Manning’s heart leapt- happiness downloads were the most coveted and expensive emotion.
“Now,” Diego continued, “you can use them however you wish. You can either black market them to improve your own life- which no one would fault you for. There’s so much of the world you haven’t experienced and money will help you do that. Or you could give them to your friends. While they’re under the influence of happiness you can then explain what happened here and we can start to disable more chips.”

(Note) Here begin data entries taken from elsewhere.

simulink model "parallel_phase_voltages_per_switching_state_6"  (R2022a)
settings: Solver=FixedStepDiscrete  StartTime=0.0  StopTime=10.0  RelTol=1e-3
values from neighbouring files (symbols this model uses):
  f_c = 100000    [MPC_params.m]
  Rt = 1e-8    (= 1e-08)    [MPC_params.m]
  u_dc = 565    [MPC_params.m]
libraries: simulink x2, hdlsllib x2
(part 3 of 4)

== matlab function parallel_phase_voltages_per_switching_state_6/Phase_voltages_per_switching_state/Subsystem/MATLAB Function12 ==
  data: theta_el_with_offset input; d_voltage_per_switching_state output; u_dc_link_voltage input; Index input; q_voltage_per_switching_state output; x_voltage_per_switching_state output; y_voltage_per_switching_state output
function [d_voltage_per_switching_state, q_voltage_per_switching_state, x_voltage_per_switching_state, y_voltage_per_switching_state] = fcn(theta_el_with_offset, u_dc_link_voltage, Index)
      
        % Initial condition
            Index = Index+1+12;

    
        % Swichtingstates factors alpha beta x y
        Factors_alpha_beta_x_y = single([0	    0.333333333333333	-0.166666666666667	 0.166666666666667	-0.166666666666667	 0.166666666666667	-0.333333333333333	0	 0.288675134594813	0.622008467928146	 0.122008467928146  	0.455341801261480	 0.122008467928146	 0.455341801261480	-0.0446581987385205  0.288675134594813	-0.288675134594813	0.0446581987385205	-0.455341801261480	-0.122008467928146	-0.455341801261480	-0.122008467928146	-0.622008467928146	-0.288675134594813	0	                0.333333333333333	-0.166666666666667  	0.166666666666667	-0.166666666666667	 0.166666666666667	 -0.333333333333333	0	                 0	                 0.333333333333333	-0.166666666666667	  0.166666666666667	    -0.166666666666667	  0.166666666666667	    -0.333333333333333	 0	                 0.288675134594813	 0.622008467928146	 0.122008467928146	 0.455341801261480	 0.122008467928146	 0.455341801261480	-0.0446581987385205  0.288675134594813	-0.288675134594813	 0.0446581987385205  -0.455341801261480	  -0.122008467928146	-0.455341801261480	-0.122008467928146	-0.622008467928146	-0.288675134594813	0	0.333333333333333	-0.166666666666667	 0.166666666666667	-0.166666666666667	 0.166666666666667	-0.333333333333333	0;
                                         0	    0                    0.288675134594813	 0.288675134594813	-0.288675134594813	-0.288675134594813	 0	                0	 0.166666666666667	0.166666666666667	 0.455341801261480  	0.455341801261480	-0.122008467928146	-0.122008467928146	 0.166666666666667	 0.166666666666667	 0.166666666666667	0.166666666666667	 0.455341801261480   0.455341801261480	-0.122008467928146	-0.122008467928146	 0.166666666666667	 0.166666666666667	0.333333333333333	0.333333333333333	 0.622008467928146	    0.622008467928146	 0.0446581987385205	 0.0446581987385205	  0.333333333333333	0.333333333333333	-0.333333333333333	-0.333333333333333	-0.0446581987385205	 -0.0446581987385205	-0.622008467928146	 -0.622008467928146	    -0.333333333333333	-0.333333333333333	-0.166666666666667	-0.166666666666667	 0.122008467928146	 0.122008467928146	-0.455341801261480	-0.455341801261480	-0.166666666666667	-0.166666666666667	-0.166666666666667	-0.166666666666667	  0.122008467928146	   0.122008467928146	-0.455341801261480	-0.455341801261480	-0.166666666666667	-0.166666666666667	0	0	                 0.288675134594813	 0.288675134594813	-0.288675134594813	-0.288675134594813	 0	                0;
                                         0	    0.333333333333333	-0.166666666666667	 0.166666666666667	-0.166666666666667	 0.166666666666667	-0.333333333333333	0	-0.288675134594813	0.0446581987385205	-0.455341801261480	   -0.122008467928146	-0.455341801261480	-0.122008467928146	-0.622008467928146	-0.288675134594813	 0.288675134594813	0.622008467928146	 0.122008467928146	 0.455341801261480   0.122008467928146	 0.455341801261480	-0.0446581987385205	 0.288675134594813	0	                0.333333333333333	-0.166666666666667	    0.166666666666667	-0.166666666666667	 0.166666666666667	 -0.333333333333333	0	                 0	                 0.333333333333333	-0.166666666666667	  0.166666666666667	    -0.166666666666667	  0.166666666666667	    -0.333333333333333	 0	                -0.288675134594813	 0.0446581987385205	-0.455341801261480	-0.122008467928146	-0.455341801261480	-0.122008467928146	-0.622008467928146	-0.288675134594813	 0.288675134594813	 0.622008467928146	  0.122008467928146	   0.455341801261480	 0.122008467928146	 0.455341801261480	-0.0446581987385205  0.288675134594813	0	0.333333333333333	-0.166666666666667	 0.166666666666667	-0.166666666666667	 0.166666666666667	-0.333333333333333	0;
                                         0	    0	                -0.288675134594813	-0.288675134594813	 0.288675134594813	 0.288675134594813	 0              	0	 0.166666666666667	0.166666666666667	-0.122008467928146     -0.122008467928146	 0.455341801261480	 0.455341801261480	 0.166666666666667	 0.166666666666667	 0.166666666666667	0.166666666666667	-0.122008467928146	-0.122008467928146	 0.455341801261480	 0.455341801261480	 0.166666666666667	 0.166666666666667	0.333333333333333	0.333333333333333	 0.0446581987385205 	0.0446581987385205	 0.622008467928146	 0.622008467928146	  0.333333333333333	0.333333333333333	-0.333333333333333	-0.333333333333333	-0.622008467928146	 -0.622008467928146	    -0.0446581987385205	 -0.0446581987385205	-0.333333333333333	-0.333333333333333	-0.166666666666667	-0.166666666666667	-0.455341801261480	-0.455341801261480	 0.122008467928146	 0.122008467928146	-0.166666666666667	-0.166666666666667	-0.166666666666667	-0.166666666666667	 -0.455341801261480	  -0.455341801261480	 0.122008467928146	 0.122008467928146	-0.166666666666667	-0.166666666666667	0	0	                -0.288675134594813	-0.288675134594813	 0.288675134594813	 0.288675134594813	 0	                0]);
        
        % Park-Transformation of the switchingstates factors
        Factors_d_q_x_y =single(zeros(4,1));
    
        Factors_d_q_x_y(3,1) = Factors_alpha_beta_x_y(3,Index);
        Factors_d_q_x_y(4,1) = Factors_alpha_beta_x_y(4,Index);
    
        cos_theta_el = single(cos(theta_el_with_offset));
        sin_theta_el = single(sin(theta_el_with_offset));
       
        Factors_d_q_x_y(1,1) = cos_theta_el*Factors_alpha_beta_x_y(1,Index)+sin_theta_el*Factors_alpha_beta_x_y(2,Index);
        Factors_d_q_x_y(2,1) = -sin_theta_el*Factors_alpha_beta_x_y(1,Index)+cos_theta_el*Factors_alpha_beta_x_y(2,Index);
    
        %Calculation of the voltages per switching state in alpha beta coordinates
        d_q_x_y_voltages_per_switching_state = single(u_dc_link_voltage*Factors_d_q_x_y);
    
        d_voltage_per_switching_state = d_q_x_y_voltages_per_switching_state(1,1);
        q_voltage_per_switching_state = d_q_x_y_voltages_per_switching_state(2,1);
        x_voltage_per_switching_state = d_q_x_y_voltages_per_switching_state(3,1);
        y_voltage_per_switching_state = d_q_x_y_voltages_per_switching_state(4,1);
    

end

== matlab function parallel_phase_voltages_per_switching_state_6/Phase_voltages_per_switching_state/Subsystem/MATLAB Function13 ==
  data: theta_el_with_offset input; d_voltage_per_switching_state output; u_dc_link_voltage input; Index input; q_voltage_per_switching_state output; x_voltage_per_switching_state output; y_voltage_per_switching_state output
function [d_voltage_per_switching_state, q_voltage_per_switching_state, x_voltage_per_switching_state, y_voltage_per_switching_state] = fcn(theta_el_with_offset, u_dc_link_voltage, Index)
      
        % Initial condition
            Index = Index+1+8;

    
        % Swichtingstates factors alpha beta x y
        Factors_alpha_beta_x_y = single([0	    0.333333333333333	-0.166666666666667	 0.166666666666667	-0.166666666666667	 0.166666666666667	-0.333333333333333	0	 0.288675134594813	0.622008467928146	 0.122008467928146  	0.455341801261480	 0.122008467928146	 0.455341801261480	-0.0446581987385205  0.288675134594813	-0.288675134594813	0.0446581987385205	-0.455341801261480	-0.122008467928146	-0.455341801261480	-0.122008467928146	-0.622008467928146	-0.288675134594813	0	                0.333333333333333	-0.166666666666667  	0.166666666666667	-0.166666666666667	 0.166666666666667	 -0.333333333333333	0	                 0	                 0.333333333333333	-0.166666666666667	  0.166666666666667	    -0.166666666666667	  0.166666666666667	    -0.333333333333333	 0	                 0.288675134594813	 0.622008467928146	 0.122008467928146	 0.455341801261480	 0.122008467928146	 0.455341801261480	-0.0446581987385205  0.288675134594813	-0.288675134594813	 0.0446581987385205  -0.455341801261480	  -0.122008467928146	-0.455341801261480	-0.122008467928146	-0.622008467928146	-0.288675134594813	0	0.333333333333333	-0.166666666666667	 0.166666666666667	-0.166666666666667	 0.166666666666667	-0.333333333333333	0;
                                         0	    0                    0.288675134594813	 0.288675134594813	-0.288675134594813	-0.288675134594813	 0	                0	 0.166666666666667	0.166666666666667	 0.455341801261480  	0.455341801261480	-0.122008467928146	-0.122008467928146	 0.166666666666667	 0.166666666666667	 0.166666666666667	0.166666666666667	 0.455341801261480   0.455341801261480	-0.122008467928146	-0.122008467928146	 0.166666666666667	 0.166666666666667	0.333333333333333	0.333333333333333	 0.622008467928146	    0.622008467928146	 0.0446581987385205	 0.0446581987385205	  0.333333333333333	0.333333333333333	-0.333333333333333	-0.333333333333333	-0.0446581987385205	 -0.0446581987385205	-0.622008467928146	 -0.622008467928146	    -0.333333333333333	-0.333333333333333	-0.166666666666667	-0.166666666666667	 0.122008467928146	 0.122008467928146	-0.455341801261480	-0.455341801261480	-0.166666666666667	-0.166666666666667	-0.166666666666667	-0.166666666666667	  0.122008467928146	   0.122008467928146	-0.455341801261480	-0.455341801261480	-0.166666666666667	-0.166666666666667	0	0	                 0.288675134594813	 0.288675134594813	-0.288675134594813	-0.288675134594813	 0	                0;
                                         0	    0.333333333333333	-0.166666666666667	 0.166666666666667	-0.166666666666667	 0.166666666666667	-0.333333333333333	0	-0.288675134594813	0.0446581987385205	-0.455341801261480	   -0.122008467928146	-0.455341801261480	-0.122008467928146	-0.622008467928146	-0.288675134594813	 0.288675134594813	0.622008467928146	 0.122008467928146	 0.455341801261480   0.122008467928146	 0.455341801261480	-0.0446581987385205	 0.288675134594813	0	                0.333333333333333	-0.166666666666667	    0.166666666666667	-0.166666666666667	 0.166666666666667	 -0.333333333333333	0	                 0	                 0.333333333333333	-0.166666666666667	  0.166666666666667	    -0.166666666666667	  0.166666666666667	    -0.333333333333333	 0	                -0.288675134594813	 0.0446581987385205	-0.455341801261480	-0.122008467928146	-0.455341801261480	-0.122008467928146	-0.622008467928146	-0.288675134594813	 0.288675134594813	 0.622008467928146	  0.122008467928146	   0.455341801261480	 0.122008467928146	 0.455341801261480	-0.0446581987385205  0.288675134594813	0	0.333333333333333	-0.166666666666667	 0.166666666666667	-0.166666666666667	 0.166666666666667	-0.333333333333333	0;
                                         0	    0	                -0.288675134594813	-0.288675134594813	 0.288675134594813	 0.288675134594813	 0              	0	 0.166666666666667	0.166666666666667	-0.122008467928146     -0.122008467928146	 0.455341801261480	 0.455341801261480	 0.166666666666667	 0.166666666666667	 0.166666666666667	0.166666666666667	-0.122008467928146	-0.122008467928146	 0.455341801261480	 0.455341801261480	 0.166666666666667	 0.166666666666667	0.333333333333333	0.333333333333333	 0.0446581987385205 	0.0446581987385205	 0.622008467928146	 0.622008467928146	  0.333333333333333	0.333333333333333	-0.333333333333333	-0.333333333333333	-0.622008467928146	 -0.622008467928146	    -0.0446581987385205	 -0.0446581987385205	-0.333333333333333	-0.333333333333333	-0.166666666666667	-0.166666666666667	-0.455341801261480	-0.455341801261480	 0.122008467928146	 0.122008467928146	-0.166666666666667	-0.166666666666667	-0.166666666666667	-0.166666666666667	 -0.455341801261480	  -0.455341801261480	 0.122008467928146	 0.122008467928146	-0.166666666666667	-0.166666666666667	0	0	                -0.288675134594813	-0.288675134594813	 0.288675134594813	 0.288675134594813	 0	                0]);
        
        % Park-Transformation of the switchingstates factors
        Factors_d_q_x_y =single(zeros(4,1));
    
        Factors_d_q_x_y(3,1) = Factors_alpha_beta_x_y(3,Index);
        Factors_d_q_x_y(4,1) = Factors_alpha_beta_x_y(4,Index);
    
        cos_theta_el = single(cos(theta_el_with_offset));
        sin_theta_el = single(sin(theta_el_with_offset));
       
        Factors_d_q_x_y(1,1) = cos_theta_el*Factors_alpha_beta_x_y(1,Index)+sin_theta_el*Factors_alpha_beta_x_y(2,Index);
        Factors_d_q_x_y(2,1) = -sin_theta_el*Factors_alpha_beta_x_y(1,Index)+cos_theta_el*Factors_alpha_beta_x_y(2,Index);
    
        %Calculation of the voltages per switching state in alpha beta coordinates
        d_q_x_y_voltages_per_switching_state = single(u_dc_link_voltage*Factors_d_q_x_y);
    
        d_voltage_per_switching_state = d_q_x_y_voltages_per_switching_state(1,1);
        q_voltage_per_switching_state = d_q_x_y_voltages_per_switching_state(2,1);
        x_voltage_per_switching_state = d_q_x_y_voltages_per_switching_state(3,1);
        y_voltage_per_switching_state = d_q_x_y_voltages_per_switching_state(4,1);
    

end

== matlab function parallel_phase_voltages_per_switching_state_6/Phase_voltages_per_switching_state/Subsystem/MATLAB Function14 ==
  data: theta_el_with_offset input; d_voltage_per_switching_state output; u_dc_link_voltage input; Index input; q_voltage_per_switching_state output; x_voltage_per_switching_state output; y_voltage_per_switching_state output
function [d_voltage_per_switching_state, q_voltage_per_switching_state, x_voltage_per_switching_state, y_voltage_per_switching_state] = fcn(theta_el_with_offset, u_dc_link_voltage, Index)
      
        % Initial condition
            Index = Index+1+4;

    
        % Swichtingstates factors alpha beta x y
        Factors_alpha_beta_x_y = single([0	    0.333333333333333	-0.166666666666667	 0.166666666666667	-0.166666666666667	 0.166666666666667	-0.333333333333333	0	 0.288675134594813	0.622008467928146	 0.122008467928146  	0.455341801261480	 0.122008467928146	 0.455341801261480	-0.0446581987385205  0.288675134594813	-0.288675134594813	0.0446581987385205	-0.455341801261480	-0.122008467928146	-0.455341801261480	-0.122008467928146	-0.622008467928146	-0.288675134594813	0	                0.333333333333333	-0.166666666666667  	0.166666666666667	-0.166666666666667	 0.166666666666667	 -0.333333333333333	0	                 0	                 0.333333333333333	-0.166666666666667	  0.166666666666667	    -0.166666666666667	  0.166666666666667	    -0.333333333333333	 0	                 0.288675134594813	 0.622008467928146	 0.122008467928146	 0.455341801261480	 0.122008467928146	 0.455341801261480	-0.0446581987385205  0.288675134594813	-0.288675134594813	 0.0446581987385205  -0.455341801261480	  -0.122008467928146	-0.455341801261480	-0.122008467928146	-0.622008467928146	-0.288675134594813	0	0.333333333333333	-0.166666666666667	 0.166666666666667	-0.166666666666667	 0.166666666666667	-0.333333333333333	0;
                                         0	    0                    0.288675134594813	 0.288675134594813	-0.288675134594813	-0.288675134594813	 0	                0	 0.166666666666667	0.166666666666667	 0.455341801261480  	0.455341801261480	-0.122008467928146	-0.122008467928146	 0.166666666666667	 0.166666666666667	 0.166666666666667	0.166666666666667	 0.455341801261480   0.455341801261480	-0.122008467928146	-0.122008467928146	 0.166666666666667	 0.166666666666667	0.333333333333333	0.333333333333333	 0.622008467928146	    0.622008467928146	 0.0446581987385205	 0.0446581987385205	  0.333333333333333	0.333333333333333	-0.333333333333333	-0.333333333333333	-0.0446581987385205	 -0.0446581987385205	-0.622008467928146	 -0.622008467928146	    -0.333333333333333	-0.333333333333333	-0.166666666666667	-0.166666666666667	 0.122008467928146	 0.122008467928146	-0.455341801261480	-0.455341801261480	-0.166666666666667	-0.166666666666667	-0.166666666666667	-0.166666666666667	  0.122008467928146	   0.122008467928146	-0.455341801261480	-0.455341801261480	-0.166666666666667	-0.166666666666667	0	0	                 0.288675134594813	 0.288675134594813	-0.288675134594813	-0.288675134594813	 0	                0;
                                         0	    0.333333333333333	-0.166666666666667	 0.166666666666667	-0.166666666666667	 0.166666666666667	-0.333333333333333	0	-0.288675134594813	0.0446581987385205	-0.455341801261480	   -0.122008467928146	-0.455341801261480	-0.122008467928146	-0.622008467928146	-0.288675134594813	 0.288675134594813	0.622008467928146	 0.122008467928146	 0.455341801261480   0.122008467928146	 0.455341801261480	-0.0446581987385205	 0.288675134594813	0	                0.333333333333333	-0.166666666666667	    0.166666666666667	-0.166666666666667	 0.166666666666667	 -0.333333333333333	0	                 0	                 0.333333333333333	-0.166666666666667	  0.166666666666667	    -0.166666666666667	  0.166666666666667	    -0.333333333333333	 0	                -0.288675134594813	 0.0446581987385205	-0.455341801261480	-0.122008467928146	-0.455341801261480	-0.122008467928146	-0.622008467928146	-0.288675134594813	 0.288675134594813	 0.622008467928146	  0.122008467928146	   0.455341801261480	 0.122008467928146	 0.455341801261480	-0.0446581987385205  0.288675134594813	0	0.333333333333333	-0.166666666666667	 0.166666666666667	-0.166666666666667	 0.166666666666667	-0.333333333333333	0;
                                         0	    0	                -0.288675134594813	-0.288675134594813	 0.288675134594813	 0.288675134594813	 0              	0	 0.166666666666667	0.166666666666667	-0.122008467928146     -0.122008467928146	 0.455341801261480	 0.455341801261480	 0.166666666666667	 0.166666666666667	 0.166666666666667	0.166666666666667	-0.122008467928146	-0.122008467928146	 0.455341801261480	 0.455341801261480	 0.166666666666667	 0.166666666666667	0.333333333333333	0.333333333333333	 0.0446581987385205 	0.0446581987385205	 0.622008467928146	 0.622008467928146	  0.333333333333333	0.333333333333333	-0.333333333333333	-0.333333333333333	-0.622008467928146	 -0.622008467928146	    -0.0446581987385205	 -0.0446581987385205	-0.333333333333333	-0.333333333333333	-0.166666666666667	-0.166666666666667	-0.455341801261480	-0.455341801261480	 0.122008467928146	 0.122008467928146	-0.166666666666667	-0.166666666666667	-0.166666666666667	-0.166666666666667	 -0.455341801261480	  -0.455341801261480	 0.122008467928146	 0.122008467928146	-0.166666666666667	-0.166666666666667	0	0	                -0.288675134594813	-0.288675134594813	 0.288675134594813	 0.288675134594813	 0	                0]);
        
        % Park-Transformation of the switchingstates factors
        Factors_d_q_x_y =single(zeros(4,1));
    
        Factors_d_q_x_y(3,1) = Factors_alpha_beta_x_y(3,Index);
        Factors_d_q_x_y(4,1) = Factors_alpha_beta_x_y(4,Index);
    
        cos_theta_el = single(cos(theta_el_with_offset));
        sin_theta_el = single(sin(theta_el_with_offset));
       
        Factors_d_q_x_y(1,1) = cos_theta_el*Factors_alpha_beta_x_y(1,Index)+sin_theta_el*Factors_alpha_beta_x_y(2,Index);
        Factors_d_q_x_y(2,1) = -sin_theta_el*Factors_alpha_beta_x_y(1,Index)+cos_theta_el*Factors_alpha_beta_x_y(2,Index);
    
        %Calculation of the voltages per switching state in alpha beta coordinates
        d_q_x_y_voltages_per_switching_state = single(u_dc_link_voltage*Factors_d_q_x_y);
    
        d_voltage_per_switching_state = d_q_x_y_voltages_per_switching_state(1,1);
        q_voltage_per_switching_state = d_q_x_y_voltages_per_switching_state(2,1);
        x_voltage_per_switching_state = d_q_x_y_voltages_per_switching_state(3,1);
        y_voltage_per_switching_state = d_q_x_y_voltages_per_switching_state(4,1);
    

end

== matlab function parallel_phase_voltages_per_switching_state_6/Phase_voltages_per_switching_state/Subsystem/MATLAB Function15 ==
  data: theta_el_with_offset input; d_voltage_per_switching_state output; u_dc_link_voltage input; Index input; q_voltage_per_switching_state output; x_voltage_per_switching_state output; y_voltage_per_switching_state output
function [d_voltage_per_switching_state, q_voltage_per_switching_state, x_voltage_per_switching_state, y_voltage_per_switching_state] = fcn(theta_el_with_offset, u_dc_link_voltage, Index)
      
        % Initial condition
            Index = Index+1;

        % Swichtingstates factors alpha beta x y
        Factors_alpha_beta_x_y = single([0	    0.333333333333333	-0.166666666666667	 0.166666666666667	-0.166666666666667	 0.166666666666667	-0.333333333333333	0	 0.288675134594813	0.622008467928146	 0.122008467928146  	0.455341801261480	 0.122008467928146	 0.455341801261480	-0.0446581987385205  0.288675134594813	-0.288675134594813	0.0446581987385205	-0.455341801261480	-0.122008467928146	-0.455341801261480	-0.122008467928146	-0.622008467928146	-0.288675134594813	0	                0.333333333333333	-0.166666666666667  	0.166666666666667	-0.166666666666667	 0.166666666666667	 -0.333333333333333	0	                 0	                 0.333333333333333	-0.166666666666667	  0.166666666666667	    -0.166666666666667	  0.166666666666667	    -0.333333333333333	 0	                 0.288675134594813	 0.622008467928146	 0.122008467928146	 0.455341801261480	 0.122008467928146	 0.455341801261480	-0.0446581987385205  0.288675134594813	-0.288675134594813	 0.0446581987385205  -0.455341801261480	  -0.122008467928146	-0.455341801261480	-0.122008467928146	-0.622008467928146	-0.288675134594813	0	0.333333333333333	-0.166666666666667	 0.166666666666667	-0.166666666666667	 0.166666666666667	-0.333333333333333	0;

“Reclaiming more of humanity,” Felicity reverberated.
“The choice is yours.”
~
Manning stepped off the elevator onto the eleventh floor and walked down the hall to his apartment door. He paused and watched all the others who exited with him robotically walk directly to their own doors, unacknowledging of one another. He felt an overwhelming rush of sadness witnessing this. He entered his own door and looked around his drab gray apartment. He shook his head.
“I just never cared… How could it possibly feel this different?…”
He then noticed the only bit of color in the room- his unfinished painting. He stared at it. It was so bright. Had he forgotten just how colorful it was, or had he written it off to the effects of the happiness? The lone female eye was shedding a tear, evoking one from him as well. He knew in his gut what he must do with the new cache of happiness downloads. But first he removed the painting from the wall and sat down to finish.